Hoofdstuk 8
De long en de ademhaling van de aarde
12-1-1847
(1)
Jullie weten dat voor het fysieke leven niet alleen een hart en een maag, maar
ook een long nodig is. Elk dier heeft een ademhalingsorgaan. Ook bomen en
planten moeten zulke transpiratieorganen hebben, waardoor ze binnen de 24 uur in
- en uitademen.
(2) Het ademhalen van het aardelichaam is gemakkelijk
waar te nemen aan de zeekust, waar de zee regelmatig opkomt en dan weer
terugvalt. Als dan zo'n uiterlijk verschijnsel aanwezig is, dan kan iedereen
daar met zekerheid uit concluderen dat dit alleen maar tot een innerlijke
oorzaak terug te voeren is, echter nooit tot een oorzaak van buitenaf.
(3) Wie dit niet helemaal kan begrijpen, die stelle zich
een badkuip met water voor, zoals Ik jullie ook al bij een andere gelegenheid
heb laten zien. Hang boven het bad, op een afstand van ongeveer tien meter een
behoorlijk grote kogel, die bovendien van magnetisch ijzer is. Breng deze
kogel boven het bad in een draaiende beweging en kijk naar het water of dat
soms in beweging komt. Je kunt er van verzekerd zijn, dat het water in
volledige rust zal blijven. Laat nu iemand in het bad gaan liggen en gewoon
ademhalen. Iedere waarnemer zal zich ervan kunnen overtuigen, dat bij elke
inademing het water in het bad iets zal stijgen en bij het uitademen weer iets
zal dalen. Wat we hier in het klein kunnen zien, gebeurt met het aardelichaam
in het groot:
(4) De aarde zuigt de lucht in zich op. Dan zet zich de
wekere buikstreek van de aarde, die gewoonlijk door de zee bedekt is, meer uit
en het zich daarboven bevindende zeewater stijgt omhoog bij de vaste oevers.

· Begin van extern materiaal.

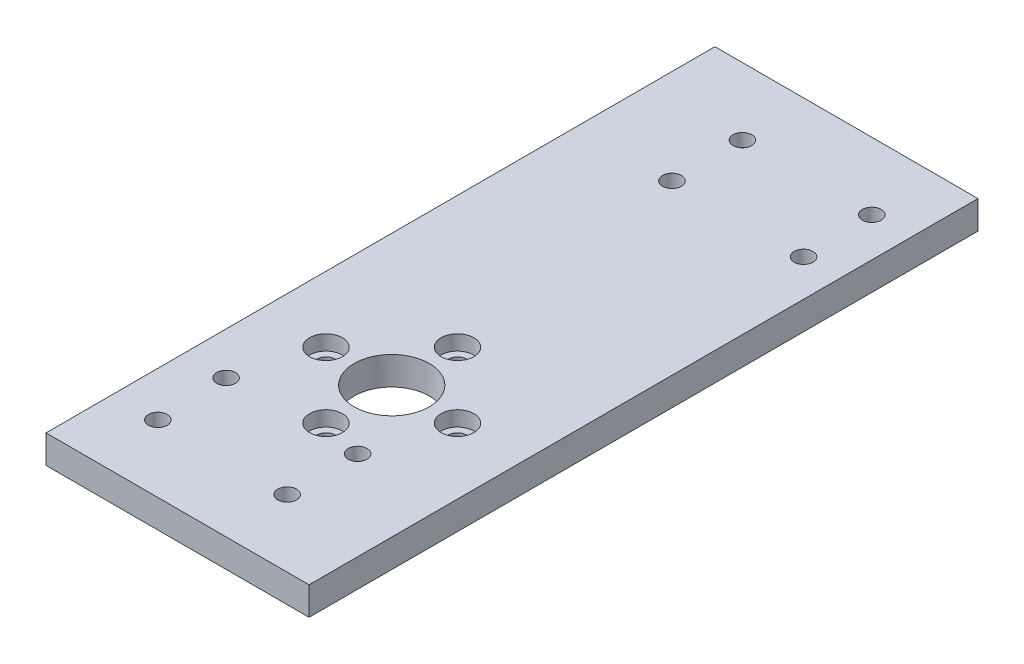
ISO-10303-21;
HEADER;
FILE_DESCRIPTION(('STEP AP214'),'2;1');
FILE_NAME('part.step','',(''),(''),'','','');
FILE_SCHEMA(('AUTOMOTIVE_DESIGN { 1 0 10303 214 1 1 1 1 }'));
ENDSEC;
DATA;
#1=APPLICATION_CONTEXT('core data for automotive mechanical design processes');
#2=APPLICATION_PROTOCOL_DEFINITION('international standard','automotive_design',2000,#1);
#3=PRODUCT_CONTEXT('',#1,'mechanical');
#4=PRODUCT('Part','Part','',(#3));
#5=PRODUCT_RELATED_PRODUCT_CATEGORY('part','',(#4));
#6=PRODUCT_DEFINITION_FORMATION('','',#4);
#7=PRODUCT_DEFINITION_CONTEXT('part definition',#1,'design');
#8=PRODUCT_DEFINITION('design','',#6,#7);
#9=PRODUCT_DEFINITION_SHAPE('','',#8);
#10=(LENGTH_UNIT() NAMED_UNIT(*) SI_UNIT(.MILLI.,.METRE.));
#11=(NAMED_UNIT(*) PLANE_ANGLE_UNIT() SI_UNIT($,.RADIAN.));
#12=(NAMED_UNIT(*) SI_UNIT($,.STERADIAN.) SOLID_ANGLE_UNIT());
#13=UNCERTAINTY_MEASURE_WITH_UNIT(LENGTH_MEASURE(1.E-05),#10,'distance_accuracy_value','');
#14=(GEOMETRIC_REPRESENTATION_CONTEXT(3) GLOBAL_UNCERTAINTY_ASSIGNED_CONTEXT((#13)) GLOBAL_UNIT_ASSIGNED_CONTEXT((#10,
#11,#12)) REPRESENTATION_CONTEXT('',''));
#15=CARTESIAN_POINT('',(0.,0.,0.));
#16=DIRECTION('',(0.,0.,1.));
#17=DIRECTION('',(1.,0.,0.));
#18=AXIS2_PLACEMENT_3D('',#15,#16,#17);
#19=CARTESIAN_POINT('',(-3.91877513505073,-7.,-28.4481628818932));
#20=DIRECTION('',(0.,1.,0.));
#21=DIRECTION('',(0.,0.,1.));
#22=AXIS2_PLACEMENT_3D('',#19,#20,#21);
#23=CYLINDRICAL_SURFACE('',#22,1.00000000000001);
#24=CARTESIAN_POINT('',(-3.91877513505073,3.,-28.4481628818932));
#25=DIRECTION('',(0.,1.,0.));
#26=DIRECTION('',(0.,0.,1.));
#27=AXIS2_PLACEMENT_3D('',#24,#25,#26);
#28=CIRCLE('',#27,1.00000000000001);
#29=CARTESIAN_POINT('',(-3.91877513505073,3.,-27.4481628818932));
#30=VERTEX_POINT('',#29);
#31=EDGE_CURVE('E242',#30,#30,#28,.T.);
#32=ORIENTED_EDGE('',*,*,#31,.T.);
#33=EDGE_LOOP('',(#32));
#34=FACE_BOUND('',#33,.T.);
#35=CARTESIAN_POINT('',(-3.91877513505073,1.6,-28.4481628818932));
#36=DIRECTION('',(0.,-1.,0.));
#37=DIRECTION('',(0.,0.,-1.));
#38=AXIS2_PLACEMENT_3D('',#35,#36,#37);
#39=CIRCLE('',#38,1.00000000000001);
#40=CARTESIAN_POINT('',(-3.91877513505073,1.6,-29.4481628818932));
#41=VERTEX_POINT('',#40);
#42=EDGE_CURVE('E41',#41,#41,#39,.F.);
#43=ORIENTED_EDGE('',*,*,#42,.F.);
#44=EDGE_LOOP('',(#43));
#45=FACE_BOUND('',#44,.T.);
#46=ADVANCED_FACE('F37',(#34,#45),#23,.F.);
#47=CARTESIAN_POINT('',(4.51877513505392,-7.,20.9481628818913));
#48=DIRECTION('',(0.,1.,0.));
#49=DIRECTION('',(0.,0.,1.));
#50=AXIS2_PLACEMENT_3D('',#47,#48,#49);
#51=CYLINDRICAL_SURFACE('',#50,1.00000000000002);
#52=CARTESIAN_POINT('',(4.51877513505392,3.,20.9481628818913));
#53=DIRECTION('',(0.,1.,0.));
#54=DIRECTION('',(0.,0.,1.));
#55=AXIS2_PLACEMENT_3D('',#52,#53,#54);
#56=CIRCLE('',#55,1.00000000000002);
#57=CARTESIAN_POINT('',(4.51877513505392,3.,21.9481628818913));
#58=VERTEX_POINT('',#57);
#59=EDGE_CURVE('E245',#58,#58,#56,.T.);
#60=ORIENTED_EDGE('',*,*,#59,.T.);
#61=EDGE_LOOP('',(#60));
#62=FACE_BOUND('',#61,.T.);
#63=CARTESIAN_POINT('',(4.51877513505392,1.6,20.9481628818913));
#64=DIRECTION('',(0.,-1.,0.));
#65=DIRECTION('',(0.,0.,-1.));
#66=AXIS2_PLACEMENT_3D('',#63,#64,#65);
#67=CIRCLE('',#66,1.00000000000002);
#68=CARTESIAN_POINT('',(4.51877513505392,1.6,19.9481628818913));
#69=VERTEX_POINT('',#68);
#70=EDGE_CURVE('E177',#69,#69,#67,.F.);
#71=ORIENTED_EDGE('',*,*,#70,.F.);
#72=EDGE_LOOP('',(#71));
#73=FACE_BOUND('',#72,.T.);
#74=ADVANCED_FACE('F278',(#62,#73),#51,.F.);
#75=CARTESIAN_POINT('',(4.51877513505393,-7.,28.4481628818913));
#76=DIRECTION('',(0.,1.,0.));
#77=DIRECTION('',(0.,0.,1.));
#78=AXIS2_PLACEMENT_3D('',#75,#76,#77);
#79=CYLINDRICAL_SURFACE('',#78,1.00000000000002);
#80=CARTESIAN_POINT('',(4.51877513505393,3.,28.4481628818913));
#81=DIRECTION('',(0.,1.,0.));
#82=DIRECTION('',(0.,0.,1.));
#83=AXIS2_PLACEMENT_3D('',#80,#81,#82);
#84=CIRCLE('',#83,1.00000000000002);
#85=CARTESIAN_POINT('',(4.51877513505393,3.,29.4481628818913));
#86=VERTEX_POINT('',#85);
#87=EDGE_CURVE('E248',#86,#86,#84,.T.);
#88=ORIENTED_EDGE('',*,*,#87,.T.);
#89=EDGE_LOOP('',(#88));
#90=FACE_BOUND('',#89,.T.);
#91=CARTESIAN_POINT('',(4.51877513505393,1.6,28.4481628818913));
#92=DIRECTION('',(0.,-1.,0.));
#93=DIRECTION('',(0.,0.,-1.));
#94=AXIS2_PLACEMENT_3D('',#91,#92,#93);
#95=CIRCLE('',#94,1.00000000000002);
#96=CARTESIAN_POINT('',(4.51877513505393,1.6,27.4481628818913));
#97=VERTEX_POINT('',#96);
#98=EDGE_CURVE('E173',#97,#97,#95,.F.);
#99=ORIENTED_EDGE('',*,*,#98,.F.);
#100=EDGE_LOOP('',(#99));
#101=FACE_BOUND('',#100,.T.);
#102=ADVANCED_FACE('F284',(#90,#101),#79,.F.);
#103=CARTESIAN_POINT('',(-9.48122486494609,-7.,20.9481628818913));
#104=DIRECTION('',(0.,1.,0.));
#105=DIRECTION('',(0.,0.,1.));
#106=AXIS2_PLACEMENT_3D('',#103,#104,#105);
#107=CYLINDRICAL_SURFACE('',#106,1.00000000000001);
#108=CARTESIAN_POINT('',(-9.48122486494609,3.,20.9481628818913));
#109=DIRECTION('',(0.,1.,0.));
#110=DIRECTION('',(0.,0.,1.));
#111=AXIS2_PLACEMENT_3D('',#108,#109,#110);
#112=CIRCLE('',#111,1.00000000000001);
#113=CARTESIAN_POINT('',(-9.48122486494609,3.,21.9481628818913));
#114=VERTEX_POINT('',#113);
#115=EDGE_CURVE('E254',#114,#114,#112,.T.);
#116=ORIENTED_EDGE('',*,*,#115,.T.);
#117=EDGE_LOOP('',(#116));
#118=FACE_BOUND('',#117,.T.);
#119=CARTESIAN_POINT('',(-9.48122486494609,1.6,20.9481628818913));
#120=DIRECTION('',(0.,-1.,0.));
#121=DIRECTION('',(0.,0.,-1.));
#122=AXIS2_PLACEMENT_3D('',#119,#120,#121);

Stoot de aarde of liever de aardlong de adem weer uit, dan zinkt de buik weer
dieper omlaag en het zeewater loopt dan van de vaste oevers ook weer terug.
(5) Dit moest van te voren worden verteld, opdat jullie
zullen inzien dat de aarde ademt en dat ze daarvoor natuurlijk ook
ademhalingswerktuigen moet hebben, welke werktuigen, benevens nog enkele andere
zoals ingewanden van de aarde, het inwendige van de aarde uitmaken.
(6) Nu vraagt men zich af: Waar bevindt zich de
aardelong, waar haalt ze haar adem naar binnen en waar stoot ze hem weer uit?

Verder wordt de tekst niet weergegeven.